*** Opening INFORMATION SHOWN ***
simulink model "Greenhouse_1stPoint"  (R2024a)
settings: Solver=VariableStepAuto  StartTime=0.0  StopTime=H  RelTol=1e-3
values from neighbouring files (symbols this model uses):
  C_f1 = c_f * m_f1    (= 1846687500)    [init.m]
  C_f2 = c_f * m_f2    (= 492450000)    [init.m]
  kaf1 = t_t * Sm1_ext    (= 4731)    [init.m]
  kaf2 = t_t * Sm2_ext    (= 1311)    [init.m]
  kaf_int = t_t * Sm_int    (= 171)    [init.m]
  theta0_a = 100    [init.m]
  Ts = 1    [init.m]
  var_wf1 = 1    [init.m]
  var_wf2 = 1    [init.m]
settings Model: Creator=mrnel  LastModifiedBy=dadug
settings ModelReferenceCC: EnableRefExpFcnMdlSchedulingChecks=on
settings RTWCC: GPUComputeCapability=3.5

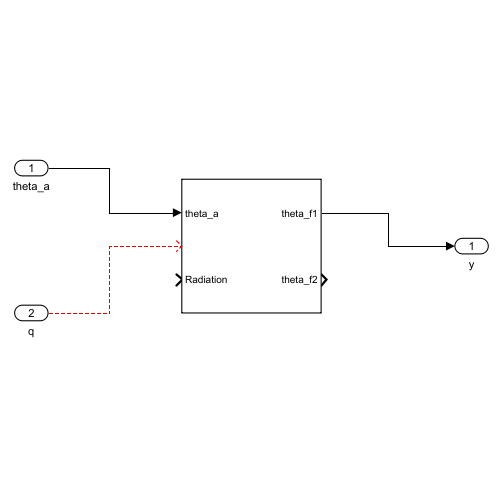
[thumbnail: Simulink's stored preview of the top-level diagram]
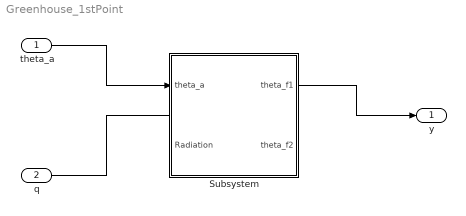
== system Greenhouse_1stPoint ==
  theta_a : Inport
  q : Inport  Port=2
  Subsystem : Subsystem
  y : Outport
  wires:
  theta_a/1 -> Subsystem/1(theta_a)
  q/1 -> ?
  Subsystem/1(theta_f1) -> y/1

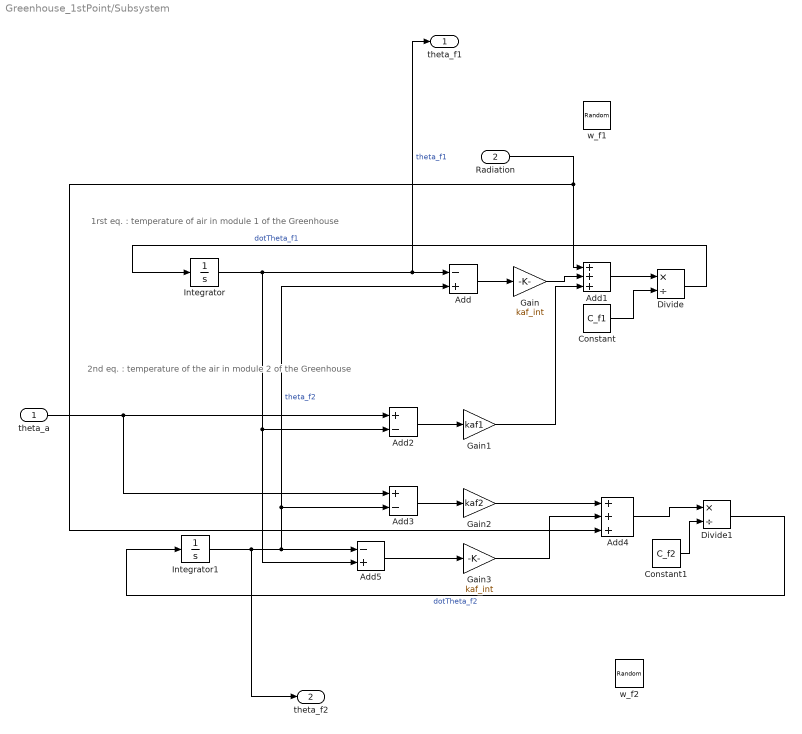
== system Greenhouse_1stPoint/Subsystem ==
  note: 2nd eq. : temperature of the air in module 2 of the Greenhouse
  note: 1rst eq. : temperature of air in module 1 of the Greenhouse
  theta_a : Inport
  Radiation : Inport  Port=2
  Add : Sum  Inputs=-+
  Add1 : Sum  Inputs=+++
  Add2 : Sum  Inputs=+-
  Add3 : Sum  Inputs=+-
  Add4 : Sum  Inputs=+++
  Add5 : Sum  Inputs=-+
  Constant : Constant  Value=C_f1
  Constant1 : Constant  Value=C_f2
  Divide : Product  Inputs=*/
  Divide1 : Product  Inputs=*/
  Gain : Gain  Gain=kaf_int
  Gain1 : Gain  Gain=kaf1
  Gain2 : Gain  Gain=kaf2
  Gain3 : Gain  Gain=kaf_int
  Integrator : Integrator  InitialCondition=theta0_a
  Integrator1 : Integrator  InitialCondition=theta0_a
  w_f1 : RandomNumber  Variance=var_wf1  SampleTime=Ts
  w_f2 : RandomNumber  Variance=var_wf2  SampleTime=Ts
  theta_f1 : Outport
  theta_f2 : Outport  Port=2
  wires:
  Divide/1 -> Integrator/1  "dotTheta_f1"
  Add2/1 -> Gain1/1
  Add1/1 -> Divide/1
  Integrator/1 -> Add5/2, Add2/2, theta_f1/1, Add/1  "theta_f1"
  Add/1 -> Gain/1
  Constant1/1 -> Divide1/2
  Constant/1 -> Divide/2
  Add3/1 -> Gain2/1
  Add4/1 -> Divide1/1
  Radiation/1 -> Add4/3, Add1/1
  theta_a/1 -> Add3/1, Add2/1
  Gain/1 -> Add1/2
  Gain1/1 -> Add1/3
  Gain2/1 -> Add4/1
  Integrator1/1 -> theta_f2/1, Add3/2, Add/2, Add5/1  "theta_f2"
  Add5/1 -> Gain3/1
  Gain3/1 -> Add4/2
  Divide1/1 -> Integrator1/1  "dotTheta_f2"
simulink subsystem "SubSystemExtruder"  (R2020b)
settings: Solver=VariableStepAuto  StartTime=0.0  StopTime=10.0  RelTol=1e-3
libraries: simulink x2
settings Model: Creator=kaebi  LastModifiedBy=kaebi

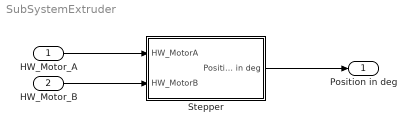
== system SubSystemExtruder ==
  HW_Motor_A : Inport
  HW_Motor_B : Inport  Port=2
  Stepper : Subsystem
  Position in deg : Outport
  wires:
  HW_Motor_A/1 -> Stepper/1(HW_MotorA)
  HW_Motor_B/1 -> Stepper/2(HW_MotorB)
  Stepper/1(Position in deg) -> Position in deg/1

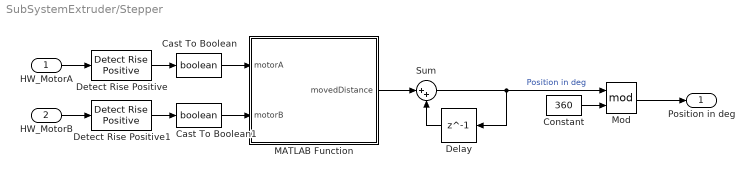
== system SubSystemExtruder/Stepper ==
  HW_MotorA : Inport
  HW_MotorB : Inport  Port=2
  Cast To Boolean : DataTypeConversion  OutDataTypeStr=boolean
  Cast To Boolean1 : DataTypeConversion  OutDataTypeStr=boolean
  Constant : Constant  Value=360
  Delay : Delay  DelayLength=1
  Detect Rise Positive : simulink/Logic and Bit Operations/Detect Rise Positive  vinit=0  OutDataTypeStr=boolean
  Detect Rise Positive1 : simulink/Logic and Bit Operations/Detect Rise Positive  vinit=0  OutDataTypeStr=boolean
  MATLAB Function : MATLAB Function  TreatAsAtomicUnit=on
  Mod : Math  Operator=mod  SaturateOnIntegerOverflow=on
  Sum : Sum  Inputs=|++
  Position in deg : Outport
  wires:
  Delay/1 -> Sum/2
  HW_MotorB/1 -> Detect Rise Positive1/1
  Cast To Boolean1/1 -> MATLAB Function/2(motorB)
  Cast To Boolean/1 -> MATLAB Function/1(motorA)
  MATLAB Function/1(movedDistance) -> Sum/1
  HW_MotorA/1 -> Detect Rise Positive/1
  Sum/1 -> Mod/1, Delay/1  "Position in deg"
  Detect Rise Positive/1 -> Cast To Boolean/1
  Constant/1 -> Mod/2
  Detect Rise Positive1/1 -> Cast To Boolean1/1
  Mod/1 -> Position in deg/1

== matlab function SubSystemExtruder/Stepper/MATLAB Function ==
  settings: updateMethod=DISCRETE
  data: motorA input; movedDistance output; motorB input
function movedDistance  = fcn(motorA, motorB)
    persistent isOnA;
    
    if isempty(isOnA)
        isOnA = false;
    end

    degPerStep = 360/200;
    movedDistance = 0;
    
    if (motorA == true && isOnA == false)
        movedDistance = degPerStep;
        isOnA = true;
    elseif (motorB == true && isOnA == true)
        movedDistance = degPerStep;
        isOnA = false;
    end
    
end
*** Closing INFORMATION SHOWN ***
• **EXERCISE**
Find "if (motorA == true && isOnA == false)" in the entries above, then repeat its line and all lines after it exactly, down to the last line.

• **EXERCISE RESULT**
    if (motorA == true && isOnA == false)
        movedDistance = degPerStep;
        isOnA = true;
    elseif (motorB == true && isOnA == true)
        movedDistance = degPerStep;
        isOnA = false;
    end
    
end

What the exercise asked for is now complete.